BOJ Does Nothing, Vows To Achieve “Price Stability Target”

Submitted by Takashi Miwa of Nomura

The Bank of Japan chose to leave its monetary policy unchanged at its 29-30 July monetary policy meeting. This was an unsurprising outcome, as forecasters had by a wide margin expected no policy changes: 38 of 47 of those surveyed by Bloomberg in July indicated that they expected the BOJ to leave its policy as is. This BOJ monetary policy meeting was lined up to occur just prior to an FOMC meeting that is widely expected to end in a rate cut, and the concern has been raised that the BOJ may have no viable options with which to respond to the yen appreciation that could result from a US rate cut. For this reason, some forecasters had posited that the BOJ might extend the timeline given in its forward guidance that currently indicates that the Bank will “maintain the current extremely low levels of short- and long-term interest rates…at least through around spring 2020”. (14 of those surveyed by Bloomberg indicated that they expected forward guidance to be adjusted in a more accommodative direction.) Ultimately, the BOJ decided not to adjust its forward guidance at this meeting.

Why the BOJ took a pass on amending its forward guidance

There are two possible reasons why the BOJ chose not to revise its forward guidance on this occasion.

  • First, USD/JPY was quite consistently parked in the 108.5-109.0 range in the immediate run-up to the meeting.
  • Second, the BOJ may have worried that frequent adjustments to forward guidance might give off the impression that the Bank had used up all of its actual monetary policy ammunition.

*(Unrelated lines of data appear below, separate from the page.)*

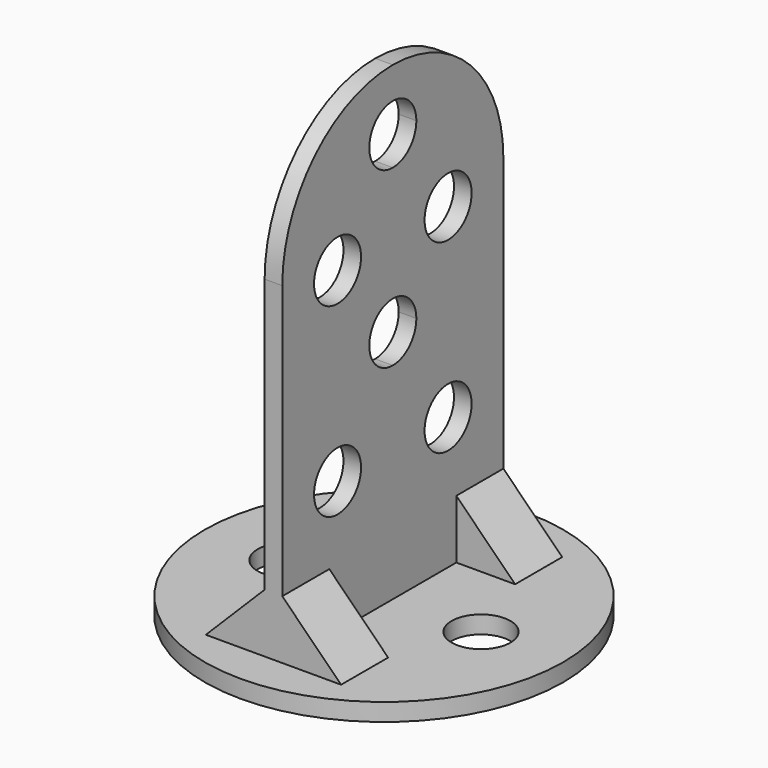
from build123d import *

# Parameters (mm, degrees)
F0_R      = 30.5
F1_DEPTH  = 3
F3_DEPTH  = 80
F4_R      = 23.49999
F5_W      = 10
F5_H      = 10
F6_DEPTH  = 10
F7_SIZE   = 9.99999
F8_W      = 10
F8_H      = 10
F9_DEPTH  = 10
F10_SIZE  = 9.99999
F11_R     = 5
F12_DEPTH = 3
F13_R     = 5
F14_DEPTH = 3


# Not quite as in the source:
# - a fillet or chamfer is up to 0.001 mm smaller than in the source, because OpenCascade refuses the exact size


with BuildPart() as f1:
    # F0 (on Top) → F1 (new body)
    with BuildSketch(Plane.XY):
        Circle(F0_R)
    extrude(amount=F1_DEPTH)

    # F2 (on face) → F3 (join)
    with BuildSketch(Plane.XY.offset(3)):
        Polygon((1.5, 23.5), (0, 23.5), (-1.5, 23.5), (-1.5, 0), (-1.5, -23.5), (0, -23.5), (1.5, -23.5), (1.5, 0), align=None)
    extrude(amount=F3_DEPTH)

    # F4 (radius 23.5 in the source; OpenCascade refuses exactly that, so slightly less here)
    f4_edges = [f1.edges().sort_by_distance(p)[0] for p in [
        (0, 23.5, 83),
        (0, -23.5, 83),
    ]]
    fillet(f4_edges, radius=F4_R)

    # F5 (on face) → F6 (join)
    with BuildSketch(Plane.XY.offset(3)):
        with Locations((6.5, -18.5)):
            Rectangle(F5_W, F5_H)
    extrude(amount=F6_DEPTH)

    # F7 (size 10 in the source; OpenCascade refuses exactly that, so slightly less here)
    f7_edges = [f1.edges().sort_by_distance(p)[0] for p in [
        (11.5, -18.5, 13),
    ]]
    chamfer(f7_edges, length=F7_SIZE)

    # F8 (on face) → F9 (join)
    with BuildSketch(Plane.XY.offset(3)):
        with Locations((6.5, 18.5)):
            Rectangle(F8_W, F8_H)
        with Locations((-6.5, 18.5)):
            Rectangle(F8_W, F8_H)
        with Locations((-6.5, -18.5)):
            Rectangle(F8_W, F8_H)
    extrude(amount=F9_DEPTH)

    # F10 (size 10 in the source; OpenCascade refuses exactly that, so slightly less here)
    f10_edges = [f1.edges().sort_by_distance(p)[0] for p in [
        (11.5, 18.5, 13),
        (-11.5, 18.5, 13),
        (-11.5, -18.5, 13),
    ]]
    chamfer(f10_edges, length=F10_SIZE)

    # F11 (on face) → F12 (cut)
    with BuildSketch(Plane.XY.offset(3)):
        with BuildLine():
            ThreePointArc((21.5, 0), (16.5, 5), (11.5, 0))
            ThreePointArc((11.5, 0), (16.5, -5), (21.5, 0))
        make_face()
        with Locations((-16.5, 0)):
            Circle(F11_R)
    extrude(amount=-F12_DEPTH, mode=Mode.SUBTRACT)

    # F13 (on face) → F14 (cut)
    with BuildSketch(Plane.YZ.offset(1.5)):
        with BuildLine():
            ThreePointArc((0, 77.6050660014), (-5, 72.6050660014), (0, 67.6050660014))
            ThreePointArc((0, 67.6050660014), (3.5355339059, 69.0695320955), (5, 72.6050660014))
            ThreePointArc((5, 72.6050660014), (3.5355339059, 76.1405999073), (0, 77.6050660014))
        make_face()
        with Locations((11.75, 57.0152029395)):
            Circle(F13_R)
        with BuildLine():
            ThreePointArc((0, 48), (-5, 43), (0, 38))
            ThreePointArc((0, 38), (3.5355339059, 39.4644660941), (5, 43))
            ThreePointArc((5, 43), (3.5355339059, 46.5355339059), (0, 48))
        make_face()
        with Locations((-11.75, 57.0152029395)):
            Circle(F13_R)
        with Locations((-11.75, 25.4681762308)):
            Circle(F13_R)
        with Locations((11.75, 25.4681762308)):
            Circle(F13_R)
    extrude(amount=-F14_DEPTH, mode=Mode.SUBTRACT)


solid = f1.part

However, we note that the statement that the BOJ will “make policy adjustments as appropriate…with a view to maintaining the momentum toward achieving the price stability target” is now followed by the assertion that the Bank “will not hesitate to take additional easing measures if there is a greater possibility that the momentum toward achieving the price stability target will be lost”. This addition was arguably inserted as an alternative to the sort of change in forward guidance that some forecasters had expected.

Forecasts in the Outlook Report also left mostly untouched

On the same day as the Statement on Monetary Policy, the BOJ also issued the July 2019 edition of its Outlook for Economic Activity and Prices (the Outlook Report). Policy Board members’ median forecasts for FY19 real GDP growth, FY19 CPI, FY20 CPI, and FY21 real GDP growth were all slightly lowered, but Policy Board members continued to forecast sustained gradual improvement in both real GDP growth and CPI (Figure 1).

In the Outlook Report, the BOJ reiterated its view that momentum toward achieving the price stability target of 2% has been maintained, and this seems to have been used as a justification for standing pat on monetary policy.

Policy will likely be left alone barring a steep rise in the yen

The BOJ has publicly stated that it would pursue additional easing measures if needed, but its only practicable option for further easing is that of accelerating its expansion of the monetary base, accomplished by means of stepped-up purchases of JGBs made in coordination with increased fiscal outlays and increased issuance of JGBs to fund those outlays. Nomura expects the BOJ to pursue additional easing only if yen appreciation were to take USD/JPY to around 100. In any other circumstances, we expect the BOJ to simply carry on with its current monetary policies.